Can u explain how u did, I don’t understand
I don’t know how to amend the file or even locate it, since I installed beautiful soup from command prompt

Can u explain how u did, I don’t understand
I don’t know how to amend the file or even locate it, since I installed beautiful soup from command prompt

1 Like

Hi emechetejohn4,

These are the steps…

  1. locate your “bs4” folder (you can search in your file explorer. )
  2. open the “bs4” folder and you can see the “element” file.
  3. open the “element” file in an editor, eg Atom.
  4. search and change all “collections.Callable” to " collections.abc.Callable". see attached for example.
  5. remember to save the “element” file after you have made the changes.

Also remember to change all the element.py files if you have more than 1 copy of “bs4”

hope this helps.

collections

1 Like

I’m having the same problem. I am using Python 3.10.5. and BeautifulSoup doesn’t work.
I have changed all the collections.Callable to collections.abc.Callable and still get following error message.

Traceback (most recent call last):
File “C:\Joe\12_tags.py”, line 6, in
from bs4 import BeautifulSoup
File “C:\Joe\bs4_init_.py”, line 30, in
from .builder import builder_registry, ParserRejectedMarkup
File “C:\Joe\bs4\builder_init_.py”, line 314, in
from . import _html5lib
File “C:\Joe\bs4\builder_html5lib.py”, line 151, in
class Element(html5lib.treebuilders._base.Node):
AttributeError: module ‘html5lib.treebuilders’ has no attribute ‘_base’. Did you mean: ‘base’?

Any help will be greatly appreciated!

Thank you very much Kylee. I had the same problem and I solved it thanks to you…

This works for me

# Do the imports
from urllib import request, parse, error
from bs4 import BeautifulSoup as bs 
import ssl 

# SSL
ctx = ssl.create_default_context()
ctx.check_hostname = False 
ctx.verify_mode = ssl.CERT_NONE

# Ask for user input
url = input('Enter url\n>> ')

# Check if http:// is in url if not add
if 'http://' not in url:
    url = 'http://'+url

# Get the url
html = request.urlopen(url, context=ctx).read()

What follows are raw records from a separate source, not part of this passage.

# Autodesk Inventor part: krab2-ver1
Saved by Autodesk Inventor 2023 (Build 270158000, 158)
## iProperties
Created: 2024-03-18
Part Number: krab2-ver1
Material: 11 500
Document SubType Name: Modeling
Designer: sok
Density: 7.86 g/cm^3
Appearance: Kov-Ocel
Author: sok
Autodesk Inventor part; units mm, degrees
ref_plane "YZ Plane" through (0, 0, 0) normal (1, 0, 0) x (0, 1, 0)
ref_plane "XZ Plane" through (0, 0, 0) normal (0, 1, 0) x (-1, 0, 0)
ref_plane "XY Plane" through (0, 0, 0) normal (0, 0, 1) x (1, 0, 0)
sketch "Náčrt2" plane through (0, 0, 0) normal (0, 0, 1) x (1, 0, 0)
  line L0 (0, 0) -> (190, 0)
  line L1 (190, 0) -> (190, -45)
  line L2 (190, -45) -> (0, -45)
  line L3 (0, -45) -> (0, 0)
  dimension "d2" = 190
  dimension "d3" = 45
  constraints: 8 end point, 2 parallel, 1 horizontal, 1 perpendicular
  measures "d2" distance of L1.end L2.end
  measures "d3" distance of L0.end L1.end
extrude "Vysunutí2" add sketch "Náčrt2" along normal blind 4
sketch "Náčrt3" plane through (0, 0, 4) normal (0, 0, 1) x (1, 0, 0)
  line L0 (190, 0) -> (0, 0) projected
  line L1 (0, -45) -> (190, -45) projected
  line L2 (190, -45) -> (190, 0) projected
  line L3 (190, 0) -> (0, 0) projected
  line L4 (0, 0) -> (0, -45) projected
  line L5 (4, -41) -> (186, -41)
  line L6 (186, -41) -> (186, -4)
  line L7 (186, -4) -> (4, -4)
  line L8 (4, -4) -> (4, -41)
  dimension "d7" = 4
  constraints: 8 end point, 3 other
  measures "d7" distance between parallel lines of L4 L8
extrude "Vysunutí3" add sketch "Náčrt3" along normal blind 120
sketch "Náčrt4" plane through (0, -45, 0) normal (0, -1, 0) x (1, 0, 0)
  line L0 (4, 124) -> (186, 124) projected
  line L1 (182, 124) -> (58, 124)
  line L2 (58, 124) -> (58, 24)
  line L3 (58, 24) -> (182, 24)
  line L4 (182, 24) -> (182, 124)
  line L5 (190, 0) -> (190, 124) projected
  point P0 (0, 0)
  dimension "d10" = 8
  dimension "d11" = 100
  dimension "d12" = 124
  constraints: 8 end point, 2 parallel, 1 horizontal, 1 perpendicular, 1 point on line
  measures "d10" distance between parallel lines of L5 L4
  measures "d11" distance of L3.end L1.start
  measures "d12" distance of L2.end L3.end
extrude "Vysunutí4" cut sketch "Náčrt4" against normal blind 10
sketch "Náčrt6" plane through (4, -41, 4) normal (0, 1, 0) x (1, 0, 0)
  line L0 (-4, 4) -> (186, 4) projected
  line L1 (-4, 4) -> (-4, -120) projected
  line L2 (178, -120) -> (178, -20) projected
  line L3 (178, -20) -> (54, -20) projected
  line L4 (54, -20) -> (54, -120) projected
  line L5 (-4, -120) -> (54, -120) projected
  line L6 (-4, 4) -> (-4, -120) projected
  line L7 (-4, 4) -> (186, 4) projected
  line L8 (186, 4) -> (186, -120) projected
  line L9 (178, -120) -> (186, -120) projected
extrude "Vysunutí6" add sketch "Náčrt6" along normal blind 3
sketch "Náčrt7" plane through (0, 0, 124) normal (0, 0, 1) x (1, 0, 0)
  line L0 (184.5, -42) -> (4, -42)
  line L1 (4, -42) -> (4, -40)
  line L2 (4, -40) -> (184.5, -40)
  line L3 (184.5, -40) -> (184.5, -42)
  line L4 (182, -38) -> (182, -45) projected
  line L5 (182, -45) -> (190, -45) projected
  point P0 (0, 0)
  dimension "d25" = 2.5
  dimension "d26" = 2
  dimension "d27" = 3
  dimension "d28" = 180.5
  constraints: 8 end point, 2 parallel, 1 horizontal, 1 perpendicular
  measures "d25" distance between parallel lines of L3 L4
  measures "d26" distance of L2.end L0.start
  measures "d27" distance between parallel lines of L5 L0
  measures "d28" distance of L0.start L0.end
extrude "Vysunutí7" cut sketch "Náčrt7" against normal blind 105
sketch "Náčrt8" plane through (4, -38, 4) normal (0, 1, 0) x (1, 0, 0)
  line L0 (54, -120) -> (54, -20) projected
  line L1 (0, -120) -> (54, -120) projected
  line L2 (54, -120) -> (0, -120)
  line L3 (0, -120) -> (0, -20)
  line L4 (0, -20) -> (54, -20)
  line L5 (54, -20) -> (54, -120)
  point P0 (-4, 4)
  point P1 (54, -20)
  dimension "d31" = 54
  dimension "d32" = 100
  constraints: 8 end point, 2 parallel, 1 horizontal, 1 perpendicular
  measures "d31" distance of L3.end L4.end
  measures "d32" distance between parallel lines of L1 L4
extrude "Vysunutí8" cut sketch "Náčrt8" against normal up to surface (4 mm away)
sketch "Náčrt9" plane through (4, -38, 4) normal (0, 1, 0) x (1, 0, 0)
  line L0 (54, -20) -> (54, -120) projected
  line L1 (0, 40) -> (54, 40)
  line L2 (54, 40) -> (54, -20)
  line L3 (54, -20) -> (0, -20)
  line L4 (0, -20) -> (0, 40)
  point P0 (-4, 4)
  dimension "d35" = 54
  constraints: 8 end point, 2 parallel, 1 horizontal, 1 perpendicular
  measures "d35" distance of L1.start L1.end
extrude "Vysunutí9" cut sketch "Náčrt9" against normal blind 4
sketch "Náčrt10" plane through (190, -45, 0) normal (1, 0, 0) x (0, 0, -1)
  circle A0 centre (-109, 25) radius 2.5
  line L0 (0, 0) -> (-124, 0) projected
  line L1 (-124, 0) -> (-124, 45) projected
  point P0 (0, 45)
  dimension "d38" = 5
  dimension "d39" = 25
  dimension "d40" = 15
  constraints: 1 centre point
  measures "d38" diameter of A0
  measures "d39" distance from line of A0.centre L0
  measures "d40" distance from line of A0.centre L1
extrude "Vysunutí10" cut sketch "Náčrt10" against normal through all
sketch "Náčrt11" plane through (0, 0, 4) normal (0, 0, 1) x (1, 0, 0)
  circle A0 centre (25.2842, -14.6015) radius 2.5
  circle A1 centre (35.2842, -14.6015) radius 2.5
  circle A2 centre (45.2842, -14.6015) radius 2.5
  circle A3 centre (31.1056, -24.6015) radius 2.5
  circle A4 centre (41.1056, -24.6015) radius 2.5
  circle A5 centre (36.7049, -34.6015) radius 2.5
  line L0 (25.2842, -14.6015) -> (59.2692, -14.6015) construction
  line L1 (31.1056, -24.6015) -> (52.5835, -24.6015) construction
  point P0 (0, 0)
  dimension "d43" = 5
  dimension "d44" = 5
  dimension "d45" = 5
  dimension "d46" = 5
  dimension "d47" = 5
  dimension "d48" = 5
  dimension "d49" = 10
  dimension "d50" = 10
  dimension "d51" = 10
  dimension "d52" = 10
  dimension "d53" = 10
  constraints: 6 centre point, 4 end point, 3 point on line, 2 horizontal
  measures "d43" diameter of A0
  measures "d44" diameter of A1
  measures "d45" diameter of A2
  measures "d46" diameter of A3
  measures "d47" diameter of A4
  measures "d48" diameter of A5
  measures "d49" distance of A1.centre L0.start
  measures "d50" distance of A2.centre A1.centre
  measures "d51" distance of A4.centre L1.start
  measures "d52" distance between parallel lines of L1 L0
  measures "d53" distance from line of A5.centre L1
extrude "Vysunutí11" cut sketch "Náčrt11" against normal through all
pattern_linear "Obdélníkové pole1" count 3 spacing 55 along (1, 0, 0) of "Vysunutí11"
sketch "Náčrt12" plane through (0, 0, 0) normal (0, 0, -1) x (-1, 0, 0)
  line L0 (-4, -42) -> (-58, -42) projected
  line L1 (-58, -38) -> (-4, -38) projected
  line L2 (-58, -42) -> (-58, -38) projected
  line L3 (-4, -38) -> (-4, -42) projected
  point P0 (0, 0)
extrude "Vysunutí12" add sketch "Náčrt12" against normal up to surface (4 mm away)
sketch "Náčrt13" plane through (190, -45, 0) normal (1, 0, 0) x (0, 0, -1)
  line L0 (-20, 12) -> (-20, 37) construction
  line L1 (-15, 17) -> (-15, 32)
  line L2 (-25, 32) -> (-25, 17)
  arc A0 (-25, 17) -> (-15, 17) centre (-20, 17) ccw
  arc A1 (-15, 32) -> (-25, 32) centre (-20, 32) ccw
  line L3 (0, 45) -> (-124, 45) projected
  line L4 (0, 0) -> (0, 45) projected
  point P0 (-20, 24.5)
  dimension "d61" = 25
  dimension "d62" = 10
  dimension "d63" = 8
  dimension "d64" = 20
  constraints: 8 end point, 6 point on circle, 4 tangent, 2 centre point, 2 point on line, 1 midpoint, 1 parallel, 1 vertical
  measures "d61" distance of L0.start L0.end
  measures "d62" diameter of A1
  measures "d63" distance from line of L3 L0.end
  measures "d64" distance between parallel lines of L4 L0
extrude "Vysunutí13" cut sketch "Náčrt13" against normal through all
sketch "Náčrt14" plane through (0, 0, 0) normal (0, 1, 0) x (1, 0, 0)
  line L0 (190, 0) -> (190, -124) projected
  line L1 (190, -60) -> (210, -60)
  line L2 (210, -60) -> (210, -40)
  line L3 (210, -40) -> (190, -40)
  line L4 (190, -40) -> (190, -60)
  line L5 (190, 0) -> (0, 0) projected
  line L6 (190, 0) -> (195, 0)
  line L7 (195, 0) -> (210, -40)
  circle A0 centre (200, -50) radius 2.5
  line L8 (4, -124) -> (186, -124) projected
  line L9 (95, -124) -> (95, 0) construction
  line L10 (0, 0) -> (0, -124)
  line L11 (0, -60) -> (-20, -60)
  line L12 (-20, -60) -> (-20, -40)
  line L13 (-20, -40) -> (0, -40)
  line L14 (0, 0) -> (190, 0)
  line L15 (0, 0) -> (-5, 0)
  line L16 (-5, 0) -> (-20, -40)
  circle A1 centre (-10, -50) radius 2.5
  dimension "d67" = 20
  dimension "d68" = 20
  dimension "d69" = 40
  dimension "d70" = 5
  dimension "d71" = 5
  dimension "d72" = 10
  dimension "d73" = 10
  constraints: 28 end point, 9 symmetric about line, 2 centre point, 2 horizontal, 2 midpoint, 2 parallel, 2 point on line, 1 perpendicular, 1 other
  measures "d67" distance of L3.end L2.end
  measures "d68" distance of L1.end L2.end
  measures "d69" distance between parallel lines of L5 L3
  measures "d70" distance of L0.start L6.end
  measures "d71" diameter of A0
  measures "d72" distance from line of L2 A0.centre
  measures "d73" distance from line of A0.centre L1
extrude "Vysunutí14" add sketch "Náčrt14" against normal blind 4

# Parse with BeautifulSoup
soup = bs(html, 'html.parser')

# Get anchor tags
tags = soup('a')

# Loop through and print
for tag in tags:
    print(tag.get('href', None))

It won’t allow me to post output because of the links

Thanks a lot, it works for me

This topic was automatically closed 182 days after the last reply. New replies are no longer allowed.